Alopecia areata e calvície não são a mesma coisa
As duas são alopecias não cicatriciais, e a semelhança para por aí. A alopecia androgenética, que é a calvície comum, tem causa hormonal: os folículos geneticamente sensíveis à di-hidrotestosterona sofrem miniaturização progressiva e produzem fios cada vez mais finos.
A areata tem causa autoimune, e o folículo não miniaturiza, ele é silenciado pela inflamação. O padrão também é diferente. A calvície segue um trajeto previsível, descrito pela escala de Norwood, com recuo da linha frontal e rarefação no topo, poupando as laterais.
A areata aparece em falhas circulares que podem surgir em qualquer ponto, inclusive nas áreas que a calvície nunca atinge. A evolução, o prognóstico e o tratamento não se parecem em nada.

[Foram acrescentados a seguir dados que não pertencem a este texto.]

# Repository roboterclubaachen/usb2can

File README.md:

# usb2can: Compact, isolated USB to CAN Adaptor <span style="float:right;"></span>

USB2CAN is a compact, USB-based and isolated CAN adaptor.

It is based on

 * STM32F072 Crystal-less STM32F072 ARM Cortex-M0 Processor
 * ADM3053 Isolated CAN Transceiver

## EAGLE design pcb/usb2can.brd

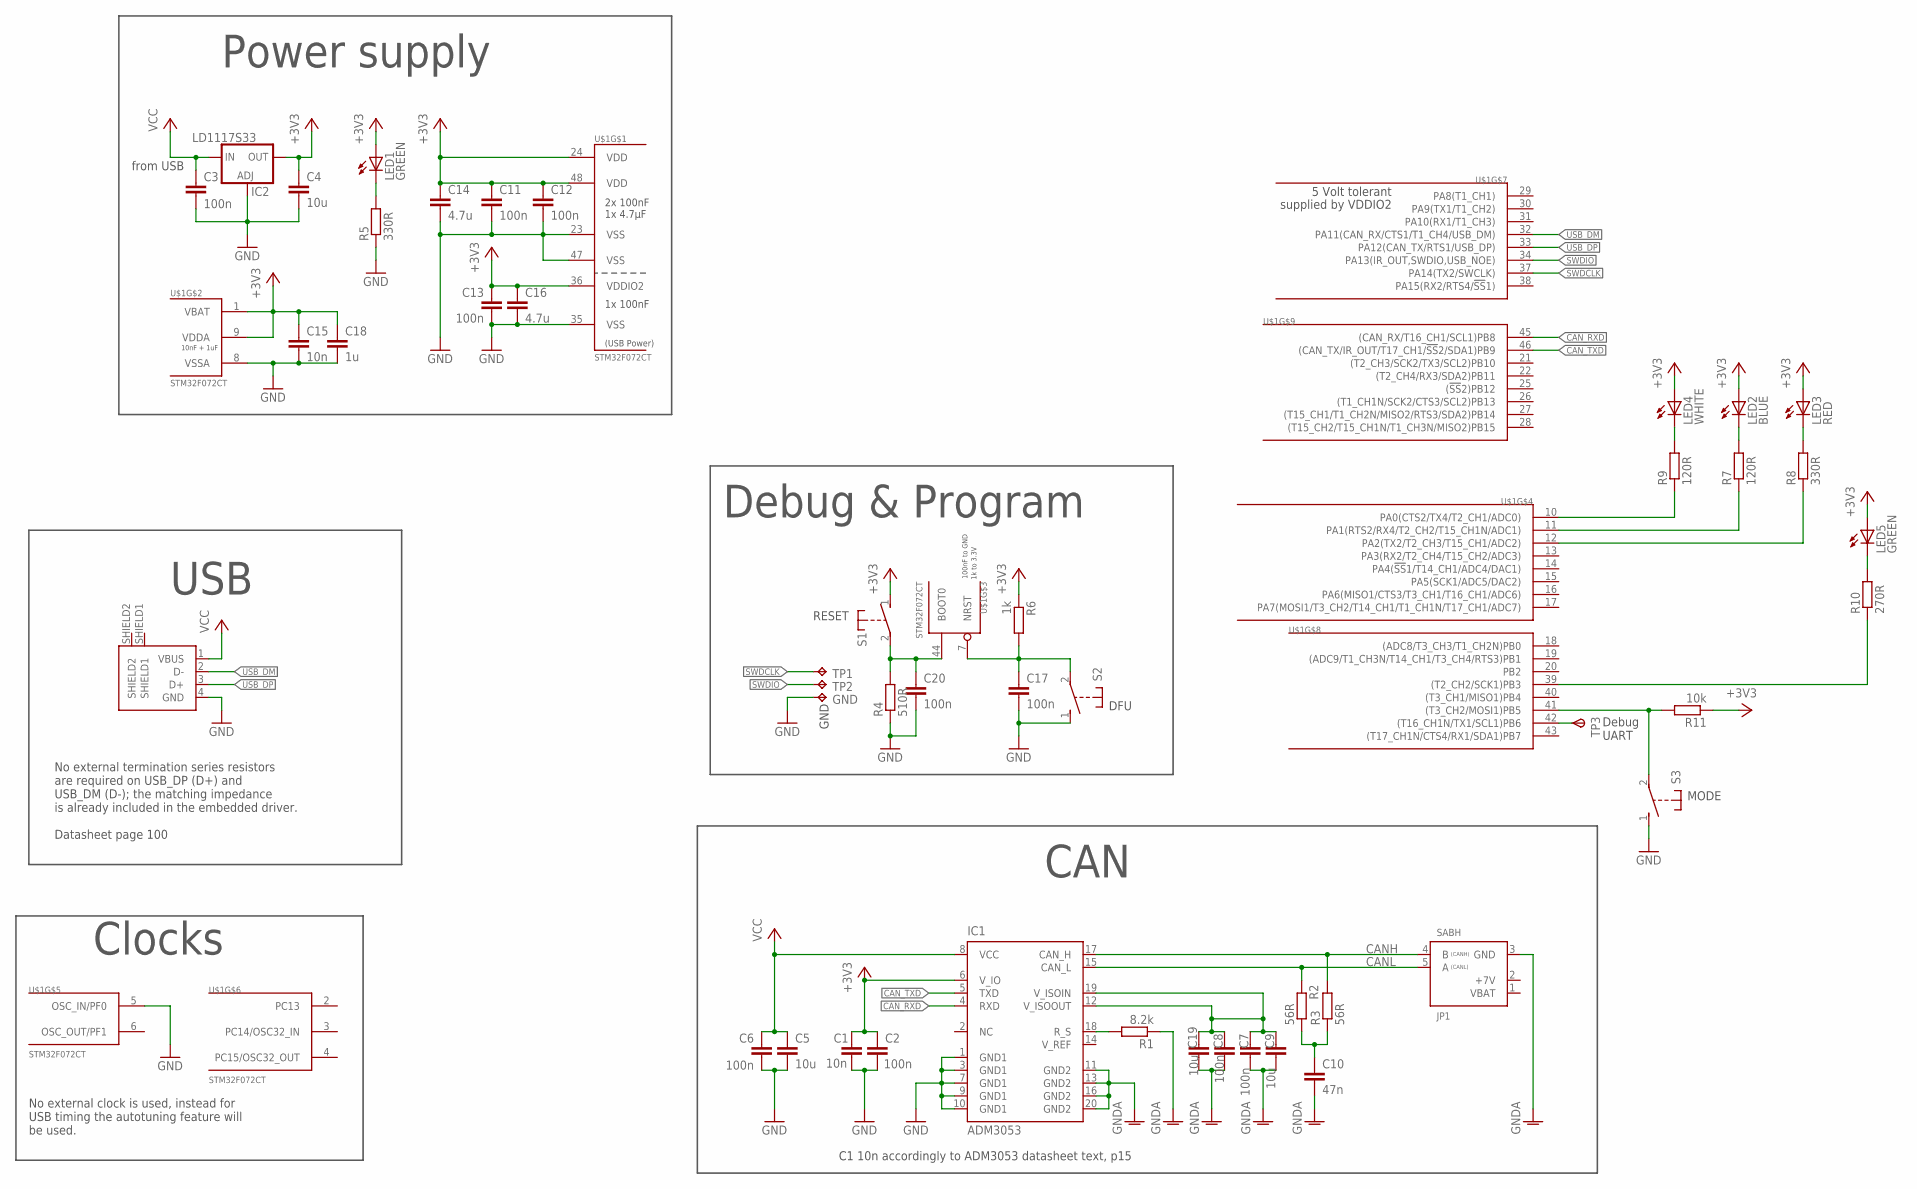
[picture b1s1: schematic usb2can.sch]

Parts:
C1: 10n; C0603K
C2, C3, C6: 100n; C0603K
C4, C5, C9, C19: 10u; C0805K
C7, C8: 100n; C0805K
C10: 47n; C0603K
C11, C12, C13, C17, C20: 100n; C0603
C14, C16: 4.7u; C0805K
C15: 10n; C0603
C18: 1u; C0805K
CON1: USB_A_MALESMD; USB_A_MALE_SMD
GND: TPB2,54; B2,54
IC1: ADM3053; SO20L
IC2: LD1117S33; SOT223
JP1: SABH; 7395-05
LED1, LED5: GREEN; CHIPLED_0603
LED2: BLUE; CHIPLED_0603
LED3: RED; CHIPLED_0603
LED4: WHITE; CHIPLED_0603
R1: 8.2k; R0603
R2, R3: 56R; R0805
R4: 510R; R0603
R5, R8: 330R; R0603
R6: 1k; R0603
R7, R9: 120R; R0603
R10: 270R; R0603
R11: 10k; R0603
S1, S2, S3: MICRO_SWITCH_3X6X2.5S; MICRO_SWITCH_3X6X2.5
TP1, TP2: TPB2,54; B2,54
TP3: TPSTP07R; TP07R
U$1: STM32F072CT; TQFP48

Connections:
+3V3: C1.1, C2.1, C4.1, C11.1, C12.1, C13.1, C14.1, C15.1, C16.1, C18.1, IC1.6 (V_IO), IC2.4 (OUT), LED1.A, LED2.A, LED3.A, LED4.A, LED5.A, R6.1, R11.1, S1.1, U$1.1 (VBAT), U$1.9 (VDDA), U$1.24 (VDD), U$1.36 (VDDIO2), U$1.48 (VDD)
CANH: IC1.17 (CAN_H), JP1.4 (B), R3.2
CANL: IC1.15 (CAN_L), JP1.5 (A), R2.2
CAN_RXD: IC1.4 (RXD), U$1.45 ((CAN_RX/T16_CH1/SCL1)PB8)
CAN_TXD: IC1.5 (TXD), U$1.46 ((CAN_TX/IR_OUT/T17_CH1/!SS!2/SDA1)PB9)
GND: C1.2, C2.2, C3.2, C4.2, C5.2, C6.2, C11.2, C12.2, C13.2, C14.2, C15.2, C16.2, C17.2, C18.2, C20.2, CON1.4 (GND), GND.TP, IC1.1 (GND1), IC1.3 (GND1), IC1.7 (GND1), IC1.9 (GND1), IC1.10 (GND1), IC2.1 (ADJ), R4.1, R5.1, S2.1, S3.1, U$1.5 (OSC_IN/PF0), U$1.8 (VSSA), U$1.23 (VSS), U$1.35 (VSS), U$1.47 (VSS)
GNDA: C7.2, C8.2, C9.2, C10.2, C19.2, IC1.11 (GND2), IC1.13 (GND2), IC1.16 (GND2), IC1.20 (GND2), JP1.3 (GND), R1.1
unnamed: IC1.18 (R_S), R1.2
unnamed: C10.1, R2.1, R3.1
unnamed: LED1.C, R5.2
unnamed: C20.1, R4.2, S1.2, U$1.44 (BOOT0)
unnamed: C17.1, R6.2, S2.2, U$1.7 (NRST)
unnamed: C7.1, C8.1, C9.1, C19.1, IC1.12 (V_ISOOUT), IC1.19 (V_ISOIN)
unnamed: LED2.C, R7.2
unnamed: R11.2, S3.2, U$1.41 ((T3_CH2/MOSI1)PB5)
unnamed: LED3.C, R8.2
unnamed: LED4.C, R9.2
unnamed: R9.1, U$1.10 (PA0(CTS2/TX4/T2_CH1/ADC0))
unnamed: R7.1, U$1.11 (PA1(RTS2/RX4/T2_CH2/T15_CH1N/ADC1))
unnamed: R8.1, U$1.12 (PA2(TX2/T2_CH3/T15_CH1/ADC2))
unnamed: LED5.C, R10.2
unnamed: R10.1, U$1.39 ((T2_CH2/SCK1)PB3)
SWDCLK: TP1.TP, U$1.37 (PA14(TX2/SWCLK))
SWDIO: TP2.TP, U$1.34 (PA13(IR_OUT,SWDIO,USB_NOE))
TX: TP3.TP, U$1.42 ((T16_CH1N/TX1/SCL1)PB6)
USB_DM: CON1.2 (D-), U$1.32 (PA11(CAN_RX/CTS1/T1_CH4/USB_DM))
USB_DP: CON1.3 (D+), U$1.33 (PA12(CAN_TX/RTS1/USB_DP))
VCC: C3.1, C5.1, C6.1, CON1.1 (VBUS), IC1.8 (VCC), IC2.3 (IN)

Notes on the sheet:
CAN
No external termination series resistors are required on USB_DP (D+) and USB_DM (D-); the matching impedance is already included in the embedded driver. Datasheet page 100
USB
Clocks
No external clock is used, instead for USB timing the autotuning feature will be used.
from USB
Power supply
Debug & Program
Debug UART
C1 10n accordingly to ADM3053 datasheet text, p15
DFU
RESET
MODE

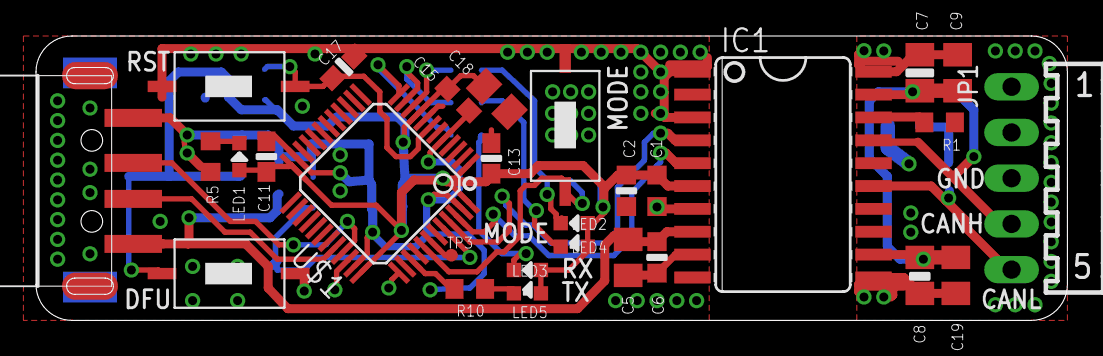
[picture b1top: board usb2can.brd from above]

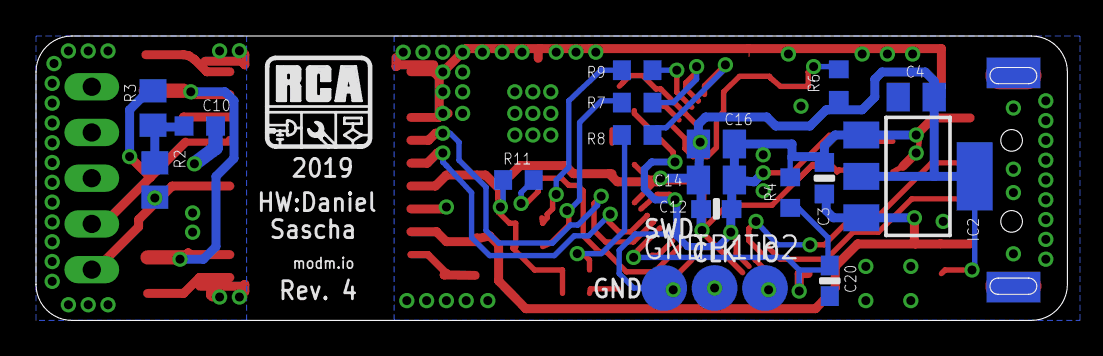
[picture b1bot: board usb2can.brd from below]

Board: 2 copper layers, 57.3 x 15.8 mm, 49 parts (19 on the bottom side), 28 nets.

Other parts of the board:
U$2: LOGO_SILK_BOT

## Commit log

2015-06-29 add Eagle lib for ADM3053
2015-06-29 add Eagle STM32 library
2015-06-29 add first schematic draft
2015-06-29 add gitignore
2015-06-29 add datasheets for ADM3053 and LD1117
2015-06-29 add Application Note for ADM3053 Evaluation Kit
2015-06-29 add README
2015-07-03 add STM32F072 datasheet and reference manual
2015-07-03 add some capacitors and connect USB and CAN
2015-07-03 add STM32F072 Discovery board manual
2015-07-05 schematic: clock done, USB needs no series-R, debug port done, power supply revised
2015-07-05 schematic: use another usb connector and add forgotten library
2015-12-21 progress made by Martin
2015-12-21 pcb: fix capacitor values for ADM3053
2015-12-22 pcb: final routing and small schamtic fixes
    * Testpad for UART TX
    * 4 User LEDs
    * 1 User Button
    * RCA CAN-connector
    * Bypass capacitor for BOOT0
2015-12-22 pcb: add GERBER export for OSHPARK
2015-12-22 final order of rev1
2016-01-07 pcb: update schematic with correct values
2016-01-11 add xpcc as submodule
2016-01-11 [tests] add blink test
2016-01-11 leds are low active => invert signals
2016-01-11 [tests] blink: use button
2016-01-11 [tests] add CAN test
2016-01-11 add udev rules file
2016-01-11 pcb: fix CAN transceiver V_ISOIN and V_ISOOUT not connected
2016-01-11 pcb: adapt resistor values for LEDs
2016-01-12 [tests] we only have a 48 pin controller
2017-01-20 pcb: increment revision and export for OSHPark
2017-01-20 pcb: add bottom pads for USB connector
2017-03-07 schematic: remove wire crossing between CAN_H and CAN_H.
2017-03-07 schematic: rename unnamed wires to CANH and CANL.
2017-03-07 schematic: Bypass Capacitors and Silk Screen
    - Bypass capacitors: nearest capacitor should be the smallest.
    - Add label to 100n capacitors
    - Add label to LEDs
2017-03-07 pcb: Create Rev3 Gerbers and save new viewport.
2017-08-25 Enable Travis CI.
2017-08-25 Update Readme and add TravisCI build status.
2017-08-25 Update xpcc submodule to 2017q2
2017-09-04 [tests] Get blinky running again.
    - Test 8 MHz clock with PLL.
    - Got hard faults when switching to 48 MHz clock because flash latency was not set at all
    - HSI48MHz clock is working reliably
    - Use common SConstruct from xpcc
    - Add Logger to board file
    - Add xpcc_abandon handler
2017-09-04 schematic: Add text to buttons.
2018-12-18 Add smaller package for CAN transceiver
2018-12-18 Update layout. Make easier to solder
2018-12-18 Ignore cam log files and library backups
2018-12-18 Add CAM job config
2018-12-18 pcb: Create Rev4 Gerbers
2019-10-29 pcb: Smash and place NAME and VALUE

Essa confusão é frequente na prática. Quem procura informação sobre areata depois de notar rarefação difusa ou entradas costuma estar diante de um quadro diferente, e o inverso também acontece. Para quem ainda não sabe em qual dos cenários está, o ponto de partida é entender quando a queda deixa de ser normal.
Como é tratada
O tratamento da alopecia areata varia de acordo com a gravidade e a extensão do quadro.
Segundo o II Consenso da Sociedade Brasileira de Dermatologia, elaborado por especialistas de centros universitários brasileiros com base na metodologia Delphi, a corticoterapia intralesional é considerada a primeira escolha para casos localizados em adultos.
Já nos quadros mais graves, os inibidores da Janus quinase (JAK) apresentam o maior nível de evidência científica. Esses medicamentos atuam bloqueando a sinalização das citocinas inflamatórias envolvidas no ataque ao folículo piloso, interferindo diretamente na via JAK-STAT, o mesmo mecanismo central descrito na fisiopatologia da doença.
No Brasil, esses medicamentos já têm aprovação da Anvisa para alopecia areata, mas o acesso é uma questão à parte: na prática, costumam ser prescritos em consultório particular ou obtidos mediante judicialização.
A indicação de qualquer um deles é individual e passa pelo dermatologista, que avalia a extensão, o tempo de evolução e a resposta a tratamentos anteriores. A automedicação não se aplica aqui em nenhum cenário.
O que esperar da evolução
O curso da areata é imprevisível, e essa é a característica que mais incomoda quem convive com ela. Em até um ano, 50% dos casos repilam espontaneamente, sem intervenção médica.
Isso tem uma consequência prática pouco comentada: qualquer produto usado durante esse período tende a levar o crédito por uma recuperação que aconteceria de qualquer forma.
A contrapartida é a recidiva. Novos surtos podem ocorrer, e a revisão publicada no JAAD Reviews registra taxa de recidiva de até 85%, com progressão de formas em placas para quadros mais graves em 14% a 25% dos casos.
O impacto vai além do couro cabeludo. A estigmatização social documentada nesses pacientes prejudica a autoestima e favorece quadros de ansiedade e isolamento, o que faz do suporte emocional parte legítima do acompanhamento.
Existe um alerta que vem da própria academia sobre esse cenário de vulnerabilidade. Cresce o número de profissionais que se autointitulam especialistas em queda de cabelo e indicam tratamentos sem respaldo científico, com promessas de crescimento capilar que a evidência não sustenta.
O que lembrar:
- A alopecia areata é autoimune, aparece em falhas arredondadas e não destrói o folículo, o que mantém a repilação possível mesmo depois de meses.
- Metade dos casos volta a crescer em até um ano, e a recidiva é frequente, porque o processo imunológico permanece.
- O estresse pode ser gatilho, mas não é a causa. E a areata não é calvície: se a sua queda segue um padrão de entradas e rarefação no topo, a resposta sobre o que fazer está em outro lugar, começando por quais são os tipos de alopecia.